What this task involves: Every line in the data below that includes "drawing" belongs in the answer, copied as it stands.

Extracted information:
┄┄┄┄┄┄┄┄┄┄

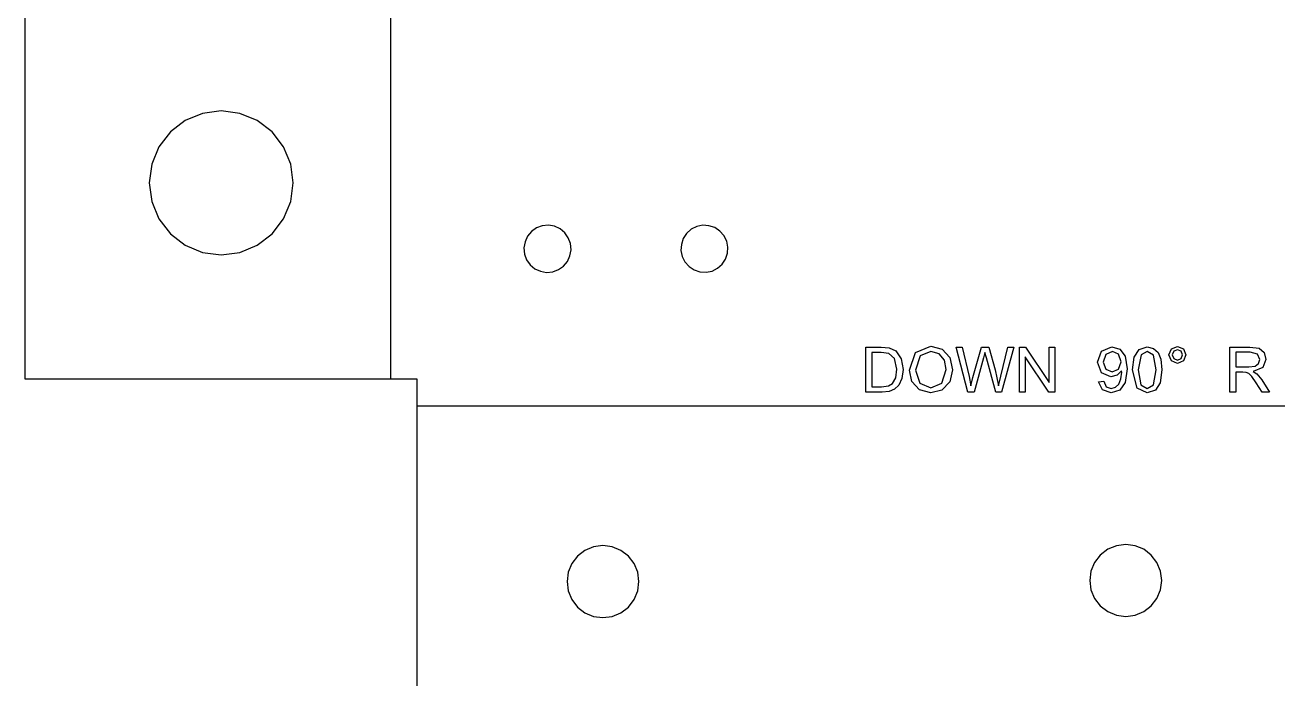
# Model space of a CAD drawing. Extents: x -235 to 145, y -3219 to -2628.
# Drawn here: x -23 to 72.8, y -3163.1 to -3113.1 of the extents above; entities that cross this region are included whole.
import ezdxf

# ---------------------------------------------------------------- set-up
doc = ezdxf.new("R2010")
doc.units = 0
doc.layers.add('Layer0', color=7, linetype='Continuous', true_color=0xffffff)

msp = doc.modelspace()

# ---------------------------------------------------------------- linework, layer by layer
at = {"layer": 'Layer0'}
for p, q in [((-22.95, -3140.206), (-22.95, -2690.206)), ((4.992, -2690.206), (4.992, -3140.206)), ((-7.95, -3119.706), (-9.374, -3119.894)), ((-6.527, -3119.894), (-7.95, -3119.706)), ((-10.7, -3120.443), (-11.839, -3121.317)), ((-9.374, -3119.894), (-10.7, -3120.443)), ((-5.2, -3120.443), (-6.527, -3119.894)), ((-4.061, -3121.317), (-5.2, -3120.443)), ((-11.839, -3121.317), (-12.713, -3122.456)), ((-3.187, -3122.456), (-4.061, -3121.317)), ((-12.713, -3122.456), (-13.263, -3123.783)), ((-2.638, -3123.783), (-3.187, -3122.456)), ((-13.263, -3123.783), (-13.45, -3125.206)), ((-2.45, -3125.206), (-2.638, -3123.783)), ((-13.45, -3125.206), (-13.263, -3126.63)), ((-2.638, -3126.63), (-2.45, -3125.206)), ((-13.263, -3126.63), (-12.713, -3127.956)), ((-3.187, -3127.956), (-2.638, -3126.63)), ((-12.713, -3127.956), (-11.839, -3129.095)), ((-4.061, -3129.095), (-3.187, -3127.956)), ((-11.839, -3129.095), (-10.7, -3129.969)), ((-5.2, -3129.969), (-4.061, -3129.095)), ((15.469, -3129.288), (15.273, -3129.714)), ((15.77, -3128.926), (15.469, -3129.288)), ((16.154, -3128.655), (15.77, -3128.926)), ((16.595, -3128.493), (16.154, -3128.655)), ((17.062, -3128.45), (16.595, -3128.493)), ((17.526, -3128.529), (17.062, -3128.45)), ((17.952, -3128.726), (17.526, -3128.529)), ((18.314, -3129.026), (17.952, -3128.726)), ((18.585, -3129.41), (18.314, -3129.026)), ((27.632, -3129.068), (27.373, -3129.46)), ((27.984, -3128.757), (27.632, -3129.068)), ((28.405, -3128.547), (27.984, -3128.757)), ((28.865, -3128.453), (28.405, -3128.547)), ((29.334, -3128.481), (28.865, -3128.453)), ((29.78, -3128.63), (29.334, -3128.481)), ((30.172, -3128.889), (29.78, -3128.63)), ((30.483, -3129.241), (30.172, -3128.889)), ((30.693, -3129.661), (30.483, -3129.241)), ((-10.7, -3129.969), (-9.374, -3130.519)), ((-6.527, -3130.519), (-5.2, -3129.969)), ((15.273, -3129.714), (15.193, -3130.177)), ((15.193, -3130.177), (15.236, -3130.645)), ((18.747, -3129.851), (18.585, -3129.41)), ((18.711, -3130.782), (18.79, -3130.319)), ((18.79, -3130.319), (18.747, -3129.851)), ((27.225, -3129.906), (27.196, -3130.375)), ((27.373, -3129.46), (27.225, -3129.906)), ((30.787, -3130.121), (30.693, -3129.661)), ((30.759, -3130.59), (30.787, -3130.121)), ((-9.374, -3130.519), (-7.95, -3130.706)), ((-7.95, -3130.706), (-6.527, -3130.519)), ((15.236, -3130.645), (15.399, -3131.086)), ((15.399, -3131.086), (15.67, -3131.47)), ((18.213, -3131.57), (18.514, -3131.209)), ((18.514, -3131.209), (18.711, -3130.782)), ((27.196, -3130.375), (27.29, -3130.835)), ((27.29, -3130.835), (27.5, -3131.256)), ((27.5, -3131.256), (27.812, -3131.608)), ((30.351, -3131.428), (30.61, -3131.036)), ((30.61, -3131.036), (30.759, -3130.59)), ((15.67, -3131.47), (16.031, -3131.771)), ((16.031, -3131.771), (16.458, -3131.967)), ((16.458, -3131.967), (16.921, -3132.047)), ((16.921, -3132.047), (17.389, -3132.004)), ((17.389, -3132.004), (17.83, -3131.841)), ((17.83, -3131.841), (18.213, -3131.57)), ((27.812, -3131.608), (28.204, -3131.867)), ((28.204, -3131.867), (28.649, -3132.015)), ((28.649, -3132.015), (29.119, -3132.044)), ((29.119, -3132.044), (29.579, -3131.95)), ((29.579, -3131.95), (29.999, -3131.74)), ((29.999, -3131.74), (30.351, -3131.428)), ((41.328, -3141.205), (41.328, -3137.763)), ((41.328, -3137.763), (42.514, -3137.763)), ((42.514, -3137.763), (43.126, -3137.813)), ((43.126, -3137.813), (43.631, -3138.059)), ((45.122, -3138.187), (46.309, -3137.702)), ((46.309, -3137.702), (47.169, -3137.93)), ((47.169, -3137.93), (47.752, -3138.565)), ((49.14, -3141.205), (48.227, -3137.763)), ((48.227, -3137.763), (48.694, -3137.763)), ((48.694, -3137.763), (49.218, -3140.019)), ((49.518, -3140.087), (50.173, -3137.763)), ((50.173, -3137.763), (50.723, -3137.763)), ((50.723, -3137.763), (51.216, -3139.505)), ((51.654, -3139.975), (52.194, -3137.763)), ((52.652, -3137.763), (51.708, -3141.205)), ((52.194, -3137.763), (52.652, -3137.763)), ((53.072, -3141.205), (53.072, -3137.763)), ((53.072, -3137.763), (53.539, -3137.763)), ((53.539, -3137.763), (55.347, -3140.465)), ((55.347, -3140.465), (55.347, -3137.763)), ((55.347, -3137.763), (55.784, -3137.763)), ((55.784, -3137.763), (55.784, -3141.205)), ((59.358, -3138.069), (60.131, -3137.749)), ((60.131, -3137.749), (60.745, -3137.93)), ((60.745, -3137.93), (61.167, -3138.445)), ((61.848, -3138.525), (62.221, -3137.951)), ((62.221, -3137.951), (62.845, -3137.749)), ((62.845, -3137.749), (63.331, -3137.861)), ((63.331, -3137.861), (63.676, -3138.183)), ((64.497, -3138.355), (64.689, -3137.895)), ((64.689, -3137.895), (65.147, -3137.705)), ((65.15, -3137.958), (64.869, -3138.075)), ((65.147, -3137.705), (65.61, -3137.895)), ((65.428, -3138.075), (65.15, -3137.958)), ((65.61, -3137.895), (65.8, -3138.355)), ((69.169, -3141.205), (69.169, -3137.763)), ((69.169, -3137.763), (70.694, -3137.763)), ((70.694, -3137.763), (71.394, -3137.856)), ((71.394, -3137.856), (71.777, -3138.184)), ((42.507, -3138.17), (41.784, -3138.17)), ((41.784, -3138.17), (41.784, -3140.799)), ((43.096, -3138.24), (42.507, -3138.17)), ((43.527, -3138.629), (43.096, -3138.24)), ((43.704, -3139.458), (43.527, -3138.629)), ((43.631, -3138.059), (44.038, -3138.647)), ((44.038, -3138.647), (44.173, -3139.465)), ((44.662, -3139.529), (45.122, -3138.187)), ((45.48, -3138.427), (45.131, -3139.536)), ((46.312, -3138.094), (45.48, -3138.427)), ((46.926, -3138.267), (46.312, -3138.094)), ((47.341, -3138.753), (46.926, -3138.267)), ((47.483, -3139.486), (47.341, -3138.753)), ((47.752, -3138.565), (47.953, -3139.489)), ((50.335, -3138.583), (49.605, -3141.205)), ((50.436, -3138.179), (50.335, -3138.583)), ((50.544, -3138.583), (50.436, -3138.179)), ((51.27, -3141.205), (50.544, -3138.583)), ((55.316, -3141.205), (53.509, -3138.501)), ((53.509, -3138.501), (53.509, -3141.205)), ((59.049, -3138.911), (59.358, -3138.069)), ((59.345, -3139.728), (59.049, -3138.911)), ((59.692, -3138.329), (59.483, -3138.925)), ((59.483, -3138.925), (59.681, -3139.459)), ((60.183, -3138.099), (59.692, -3138.329)), ((60.649, -3138.313), (60.183, -3138.099)), ((60.842, -3138.89), (60.649, -3138.313)), ((60.653, -3139.459), (60.842, -3138.89)), ((61.167, -3138.445), (61.312, -3139.414)), ((61.723, -3139.508), (61.848, -3138.525)), ((62.375, -3138.346), (62.157, -3139.508)), ((62.84, -3138.099), (62.375, -3138.346)), ((63.334, -3138.379), (62.84, -3138.099)), ((63.532, -3139.508), (63.334, -3138.379)), ((63.676, -3138.183), (63.889, -3138.694)), ((63.889, -3138.694), (63.967, -3139.508)), ((64.689, -3138.817), (64.497, -3138.355)), ((65.147, -3139.008), (64.689, -3138.817)), ((64.869, -3138.075), (64.753, -3138.355)), ((64.753, -3138.355), (64.869, -3138.636)), ((64.869, -3138.636), (65.15, -3138.752)), ((65.609, -3138.816), (65.147, -3139.008)), ((65.15, -3138.752), (65.428, -3138.636)), ((65.544, -3138.355), (65.428, -3138.075)), ((65.428, -3138.636), (65.544, -3138.355)), ((65.8, -3138.355), (65.609, -3138.816)), ((70.713, -3138.144), (69.624, -3138.144)), ((69.624, -3138.144), (69.624, -3139.282)), ((71.273, -3138.301), (70.713, -3138.144)), ((71.45, -3138.702), (71.273, -3138.301)), ((71.359, -3139.011), (71.45, -3138.702)), ((71.92, -3138.702), (71.683, -3139.32)), ((71.777, -3138.184), (71.92, -3138.702)), ((43.613, -3140.121), (43.704, -3139.458)), ((44.173, -3139.465), (44.082, -3140.16)), ((44.859, -3140.388), (44.662, -3139.529)), ((45.131, -3139.536), (45.466, -3140.516)), ((47.151, -3140.512), (47.483, -3139.486)), ((47.953, -3139.489), (47.741, -3140.425)), ((51.216, -3139.505), (51.483, -3140.724)), ((60.068, -3140.038), (59.345, -3139.728)), ((59.681, -3139.459), (60.171, -3139.665)), ((60.543, -3139.913), (60.068, -3140.038)), ((60.171, -3139.665), (60.653, -3139.459)), ((60.889, -3139.585), (60.543, -3139.913)), ((60.828, -3140.186), (60.892, -3139.67)), ((60.892, -3139.67), (60.889, -3139.585)), ((61.312, -3139.414), (61.169, -3140.464)), ((62.063, -3140.907), (61.723, -3139.508)), ((62.157, -3139.508), (62.355, -3140.636)), ((63.334, -3140.634), (63.532, -3139.508)), ((63.967, -3139.508), (63.842, -3140.485)), ((69.624, -3139.282), (70.603, -3139.282)), ((70.152, -3139.677), (69.624, -3139.677)), ((69.624, -3139.677), (69.624, -3141.205)), ((70.406, -3139.693), (70.152, -3139.677)), ((70.613, -3139.785), (70.406, -3139.693)), ((70.603, -3139.282), (71.091, -3139.218)), ((70.845, -3140.015), (70.613, -3139.785)), ((71.683, -3139.32), (70.95, -3139.639)), ((70.95, -3139.639), (71.225, -3139.81)), ((71.091, -3139.218), (71.359, -3139.011)), ((71.225, -3139.81), (71.603, -3140.268)), ((4.992, -3140.206), (-22.95, -3140.206)), ((7.034, -3140.206), (4.992, -3140.206)), ((7.034, -3142.248), (7.034, -3140.206)), ((41.784, -3140.799), (42.518, -3140.799)), ((42.518, -3140.799), (43.052, -3140.735)), ((43.052, -3140.735), (43.361, -3140.557)), ((43.361, -3140.557), (43.613, -3140.121)), ((43.847, -3140.661), (43.534, -3140.974)), ((44.082, -3140.16), (43.847, -3140.661)), ((45.439, -3141.029), (44.859, -3140.388)), ((45.466, -3140.516), (46.305, -3140.874)), ((46.305, -3140.874), (47.151, -3140.512)), ((47.741, -3140.425), (47.143, -3141.051)), ((49.218, -3140.019), (49.363, -3140.724)), ((49.363, -3140.724), (49.518, -3140.087)), ((51.483, -3140.724), (51.654, -3139.975)), ((59.112, -3140.409), (59.518, -3140.371)), ((59.42, -3141.039), (59.112, -3140.409)), ((59.518, -3140.371), (59.716, -3140.787)), ((59.716, -3140.787), (60.089, -3140.916)), ((60.089, -3140.916), (60.43, -3140.827)), ((60.43, -3140.827), (60.671, -3140.589)), ((60.671, -3140.589), (60.828, -3140.186)), ((61.169, -3140.464), (60.743, -3141.059)), ((62.355, -3140.636), (62.845, -3140.916)), ((62.845, -3140.916), (63.334, -3140.634)), ((63.842, -3140.485), (63.47, -3141.06)), ((71.173, -3140.489), (70.845, -3140.015)), ((71.629, -3141.205), (71.173, -3140.489)), ((71.603, -3140.268), (72.201, -3141.205)), ((42.57, -3141.205), (41.328, -3141.205)), ((43.123, -3141.146), (42.57, -3141.205)), ((43.534, -3140.974), (43.123, -3141.146)), ((46.307, -3141.263), (45.439, -3141.029)), ((47.143, -3141.051), (46.307, -3141.263)), ((49.605, -3141.205), (49.14, -3141.205)), ((51.708, -3141.205), (51.27, -3141.205)), ((53.509, -3141.205), (53.072, -3141.205)), ((55.784, -3141.205), (55.316, -3141.205)), ((60.079, -3141.263), (59.42, -3141.039)), ((60.743, -3141.059), (60.079, -3141.263)), ((62.845, -3141.263), (62.063, -3140.907)), ((63.47, -3141.06), (62.845, -3141.263)), ((69.624, -3141.205), (69.169, -3141.205)), ((72.201, -3141.205), (71.629, -3141.205)), ((7.034, -3197.69), (7.034, -3142.248)), ((7.034, -3142.248), (115.434, -3142.248)), ((19.859, -3153.309), (19.289, -3153.746)), ((20.522, -3153.034), (19.859, -3153.309)), ((21.234, -3152.94), (20.522, -3153.034)), ((21.946, -3153.034), (21.234, -3152.94)), ((22.609, -3153.309), (21.946, -3153.034)), ((23.178, -3153.746), (22.609, -3153.309)), ((59.825, -3153.219), (59.255, -3153.656)), ((60.488, -3152.944), (59.825, -3153.219)), ((61.2, -3152.85), (60.488, -3152.944)), ((61.912, -3152.944), (61.2, -3152.85)), ((62.575, -3153.219), (61.912, -3152.944)), ((63.145, -3153.656), (62.575, -3153.219)), ((19.289, -3153.746), (18.852, -3154.315)), ((23.615, -3154.315), (23.178, -3153.746)), ((58.818, -3154.225), (58.544, -3154.888)), ((59.255, -3153.656), (58.818, -3154.225)), ((63.582, -3154.225), (63.145, -3153.656)), ((63.856, -3154.888), (63.582, -3154.225)), ((18.577, -3154.979), (18.484, -3155.69)), ((18.852, -3154.315), (18.577, -3154.979)), ((23.89, -3154.979), (23.615, -3154.315)), ((23.984, -3155.69), (23.89, -3154.979)), ((58.544, -3154.888), (58.45, -3155.6)), ((63.95, -3155.6), (63.856, -3154.888)), ((18.484, -3155.69), (18.577, -3156.402)), ((23.89, -3156.402), (23.984, -3155.69)), ((58.45, -3155.6), (58.544, -3156.312)), ((63.856, -3156.312), (63.95, -3155.6)), ((18.577, -3156.402), (18.852, -3157.065)), ((18.852, -3157.065), (19.289, -3157.635)), ((23.178, -3157.635), (23.615, -3157.065)), ((23.615, -3157.065), (23.89, -3156.402)), ((58.544, -3156.312), (58.818, -3156.975)), ((58.818, -3156.975), (59.255, -3157.545)), ((63.145, -3157.545), (63.582, -3156.975)), ((63.582, -3156.975), (63.856, -3156.312)), ((19.289, -3157.635), (19.859, -3158.072)), ((19.859, -3158.072), (20.522, -3158.347)), ((21.946, -3158.347), (22.609, -3158.072)), ((22.609, -3158.072), (23.178, -3157.635)), ((59.255, -3157.545), (59.825, -3157.982)), ((59.825, -3157.982), (60.488, -3158.256)), ((61.912, -3158.256), (62.575, -3157.982)), ((62.575, -3157.982), (63.145, -3157.545)), ((20.522, -3158.347), (21.234, -3158.44)), ((21.234, -3158.44), (21.946, -3158.347)), ((60.488, -3158.256), (61.2, -3158.35)), ((61.2, -3158.35), (61.912, -3158.256))]:
    msp.add_line(p, q, dxfattribs=at)

doc.saveas('drawing.dxf')

┄┄┄┄┄┄┄┄┄┄

Task output:
# Model space of a CAD drawing. Extents: x -235 to 145, y -3219 to -2628.
doc.saveas('drawing.dxf')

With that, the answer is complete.